Exercise requirements:
In this material, which lines include the string "Space"? Show them.

Material provided:

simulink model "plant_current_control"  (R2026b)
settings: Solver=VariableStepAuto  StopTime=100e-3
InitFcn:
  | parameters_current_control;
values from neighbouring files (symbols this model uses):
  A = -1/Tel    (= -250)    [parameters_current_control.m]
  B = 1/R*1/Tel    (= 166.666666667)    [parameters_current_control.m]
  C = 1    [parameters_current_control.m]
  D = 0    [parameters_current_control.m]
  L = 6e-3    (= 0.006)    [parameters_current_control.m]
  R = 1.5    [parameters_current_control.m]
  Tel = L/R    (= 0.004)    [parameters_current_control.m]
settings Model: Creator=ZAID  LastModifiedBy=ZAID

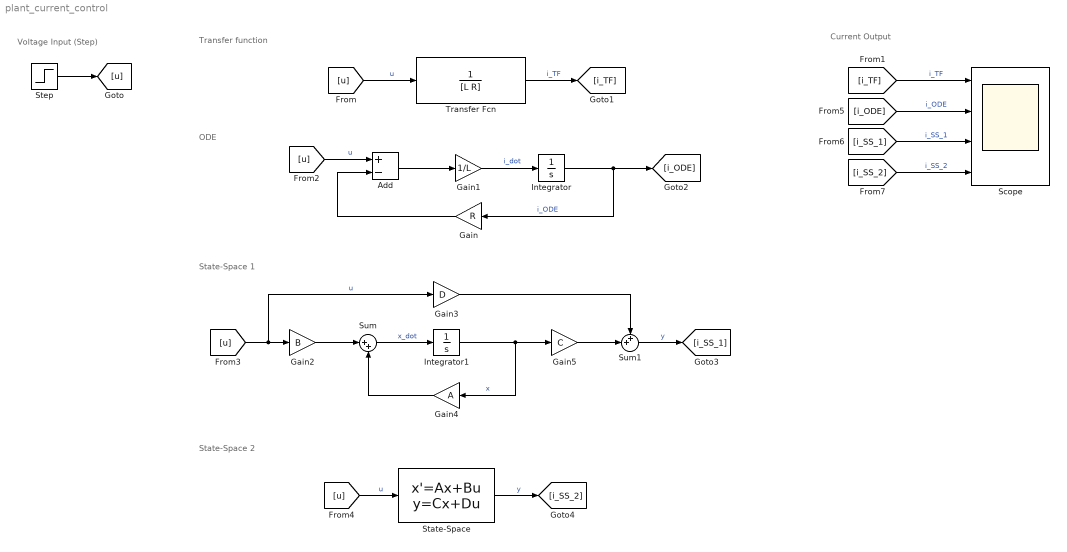
== system plant_current_control ==
  note: Current Output
  note: Voltage Input (Step)
  note: State-Space 2
  note: State-Space 1
  note: Transfer function
  note: ODE
  Add : Sum  Inputs=+-
  Gain : Gain  Gain=R
  Gain1 : Gain  Gain=1/L
  Gain2 : Gain  Gain=B
  Gain3 : Gain  Gain=D
  Gain4 : Gain  Gain=A
  Gain5 : Gain  Gain=C
  Integrator : Integrator
  Integrator1 : Integrator
  Scope : Scope  NumInputPorts=4
      settings: ActiveDisplayYMinimum=-0.083333333332175449  ActiveDisplayYMaximum=0.74999999998957922
  State-Space : StateSpace  A=-1/Tel  B=1/R*1/Tel  D=0  InitialCondition=0
  Step : Step  Time=0  SampleTime=0
  Sum : Sum  Inputs=|++
  Sum1 : Sum  Inputs=++|
  Transfer Fcn : TransferFcn  Denominator=[L R]
  wires:
  Integrator/1 -> [i_ODE], Gain/1  "i_ODE"
  Gain1/1 -> Integrator/1  "i_dot"
  Add/1 -> Gain1/1
  Gain/1 -> Add/2
  Integrator1/1 -> Gain4/1, Gain5/1  "x"
  Gain2/1 -> Sum/1
  Sum/1 -> Integrator1/1  "x_dot"
  Gain4/1 -> Sum/2
  Gain5/1 -> Sum1/2
  Gain3/1 -> Sum1/1
  Step/1 -> [u]
  [u] -> Transfer Fcn/1  "u"
  Transfer Fcn/1 -> [i_TF]  "i_TF"
  [i_TF] -> Scope/1  "i_TF"
  [u] -> Add/1  "u"
  [u] -> Gain2/1, Gain3/1  "u"
  Sum1/1 -> [i_SS_1]  "y"
  State-Space/1 -> [i_SS_2]  "y"
  [u] -> State-Space/1  "u"
  [i_ODE] -> Scope/2  "i_ODE"
  [i_SS_1] -> Scope/3  "i_SS_1"
  [i_SS_2] -> Scope/4  "i_SS_2"

Exercise result:
  note: State-Space 2
  note: State-Space 1
  State-Space : StateSpace  A=-1/Tel  B=1/R*1/Tel  D=0  InitialCondition=0
  State-Space/1 -> [i_SS_2]  "y"
  [u] -> State-Space/1  "u"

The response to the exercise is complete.